#### RAW DATA:
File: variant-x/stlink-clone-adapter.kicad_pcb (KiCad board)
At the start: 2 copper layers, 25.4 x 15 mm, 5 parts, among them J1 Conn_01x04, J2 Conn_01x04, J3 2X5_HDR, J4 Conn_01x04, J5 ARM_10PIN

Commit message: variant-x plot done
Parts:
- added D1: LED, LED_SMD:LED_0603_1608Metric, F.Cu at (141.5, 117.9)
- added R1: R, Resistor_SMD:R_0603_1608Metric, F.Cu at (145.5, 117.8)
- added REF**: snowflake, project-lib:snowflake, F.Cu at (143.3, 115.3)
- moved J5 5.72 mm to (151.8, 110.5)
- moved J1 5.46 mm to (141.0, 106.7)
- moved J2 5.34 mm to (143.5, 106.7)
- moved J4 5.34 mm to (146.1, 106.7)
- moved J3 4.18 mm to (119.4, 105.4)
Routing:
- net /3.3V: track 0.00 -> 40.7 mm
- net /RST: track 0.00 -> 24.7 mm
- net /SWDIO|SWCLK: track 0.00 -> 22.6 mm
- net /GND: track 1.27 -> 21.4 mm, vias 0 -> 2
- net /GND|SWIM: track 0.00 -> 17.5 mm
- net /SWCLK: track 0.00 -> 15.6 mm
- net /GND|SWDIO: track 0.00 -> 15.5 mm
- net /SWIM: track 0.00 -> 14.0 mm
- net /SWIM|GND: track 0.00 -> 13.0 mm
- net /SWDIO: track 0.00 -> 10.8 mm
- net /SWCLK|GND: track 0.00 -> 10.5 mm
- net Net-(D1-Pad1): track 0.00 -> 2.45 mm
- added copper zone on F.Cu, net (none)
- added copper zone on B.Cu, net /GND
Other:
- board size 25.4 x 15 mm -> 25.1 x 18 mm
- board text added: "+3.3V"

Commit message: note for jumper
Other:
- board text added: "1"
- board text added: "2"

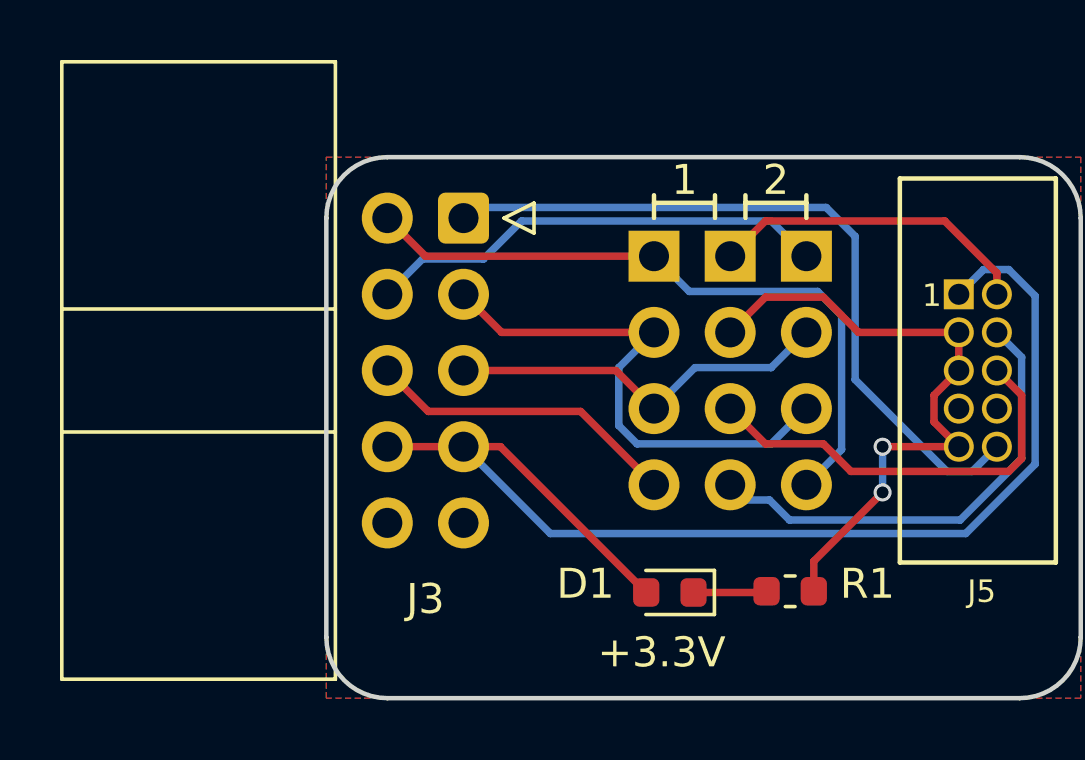
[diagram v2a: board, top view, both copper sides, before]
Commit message: fix 2x5 header
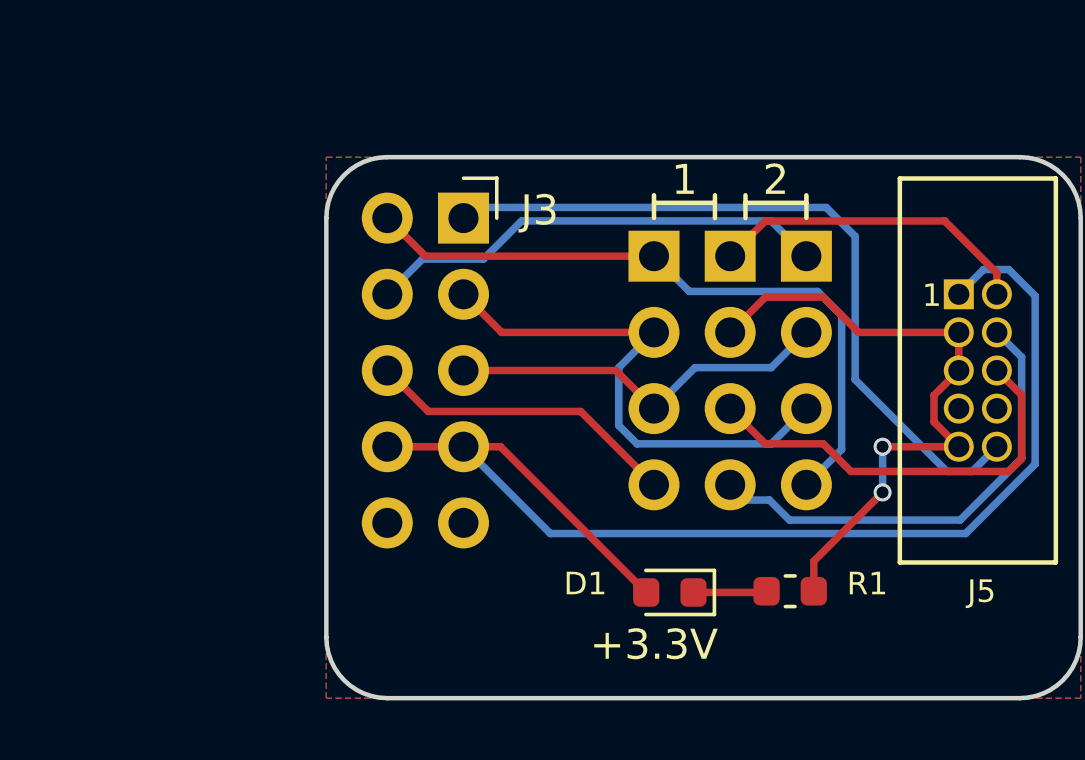
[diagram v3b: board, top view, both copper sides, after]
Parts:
- J3: footprint project-lib:IDC-Header_2x05_P2.54mm_Horizontal -> Connector_PinSocket_2.54mm:PinSocket_2x05_P2.54mm_Horizontal
- moved J3 15.2 mm to (134.6, 105.4)

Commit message: kibot
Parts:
- J3: value 2X5_HDR -> Conn_02x05_Odd_Even
- J5: value ARM_10PIN -> Conn_ARM_JTAG_SWD_10
- R1: value R -> 1K
- moved REF** 0.38 mm to (143.3, 115.7)
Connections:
- net /3.3V renamed /+3.3V
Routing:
- net /GND: vias 2 -> 3

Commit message: add example 2x4 jumper
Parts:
- added REF**: 2x4_jumper_shunt_3d_only, project-lib:2x4_jumper_shunt_3d_only, F.Cu at (141.0, 106.7)

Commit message: wip
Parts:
- removed the J2 at (143.5, 106.7)
- removed J4: Conn_01x04, project-lib:PinHeader_1x04_P2.54mm_Vertical
- removed REF**: 2x4_jumper_shunt_3d_only, project-lib:2x4_jumper_shunt_3d_only
- removed REF**: snowflake, project-lib:snowflake
- J1: value Conn_01x04 -> Conn_02x05_Odd_Even; footprint project-lib:PinHeader_1x04_P2.54mm_Vertical -> Connector_PinSocket_2.54mm:PinSocket_2x05_P2.54mm_Horizontal
- moved D1 30.7 mm to (136.9, 87.5)
- moved R1 30.7 mm to (140.9, 87.5)
- moved J2 27.5 mm to (133.0, 78.0), turned to 315 degrees
- moved J3 22.9 mm to (151.4, 87.6)
- moved J1 22.4 mm to (125.7, 90.3), turned to 45 degrees
- renumbered J3 to J2, J5 to J3
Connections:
- J1 pad 1: /SWDIO|SWCLK -> /RST
- J1 pad 2: /GND|SWIM -> /SWCLK
- J1 pad 3: /SWIM|GND -> /SWIM
- J1 pad 4: /SWCLK|GND -> /SWDIO
- J2 pad 2: /SWDIO|SWCLK -> /SWDIO
- J2 pad 3: /GND|SWIM -> /GND
- J2 pad 4: /GND|SWDIO -> /GND
- J2 pad 5: /SWIM|GND -> /SWIM
- J2 pad 6: /SWCLK|GND -> /SWCLK
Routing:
- net /+3.3V: track 40.7 -> 0.00 mm
- net /RST: track 24.7 -> 0.00 mm
- net /SWDIO|SWCLK: track 22.6 -> 0.00 mm
- net /GND: track 21.4 -> 0.00 mm, vias 3 -> 0
- net /GND|SWIM: track 17.5 -> 0.00 mm
- net /SWCLK: track 15.6 -> 0.00 mm
- net /GND|SWDIO: track 15.5 -> 0.00 mm
- net /SWIM: track 14.0 -> 0.00 mm
- net /SWIM|GND: track 13.0 -> 0.00 mm
- net /SWDIO: track 10.8 -> 0.00 mm
- net /SWCLK|GND: track 10.5 -> 0.00 mm
- net Net-(D1-Pad1): track 2.45 -> 0.00 mm
- removed copper zone on F.Cu, net (none)
- removed copper zone on B.Cu, net /GND
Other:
- board size 25.1 x 18 mm -> 7.4 x 6.5 mm
- board text removed: "1"
- board text removed: "2"

#### PROBLEM REQUIREMENTS:
Write out the records exactly, starting at the first line and stopping after the line that contains "- added REF**: snowflake, project-lib:snowflake, F.Cu".

#### WRITTEN SOLUTION:
File: variant-x/stlink-clone-adapter.kicad_pcb (KiCad board)
At the start: 2 copper layers, 25.4 x 15 mm, 5 parts, among them J1 Conn_01x04, J2 Conn_01x04, J3 2X5_HDR, J4 Conn_01x04, J5 ARM_10PIN

Commit message: variant-x plot done
Parts:
- added D1: LED, LED_SMD:LED_0603_1608Metric, F.Cu at (141.5, 117.9)
- added R1: R, Resistor_SMD:R_0603_1608Metric, F.Cu at (145.5, 117.8)
- added REF**: snowflake, project-lib:snowflake, F.Cu at (143.3, 115.3)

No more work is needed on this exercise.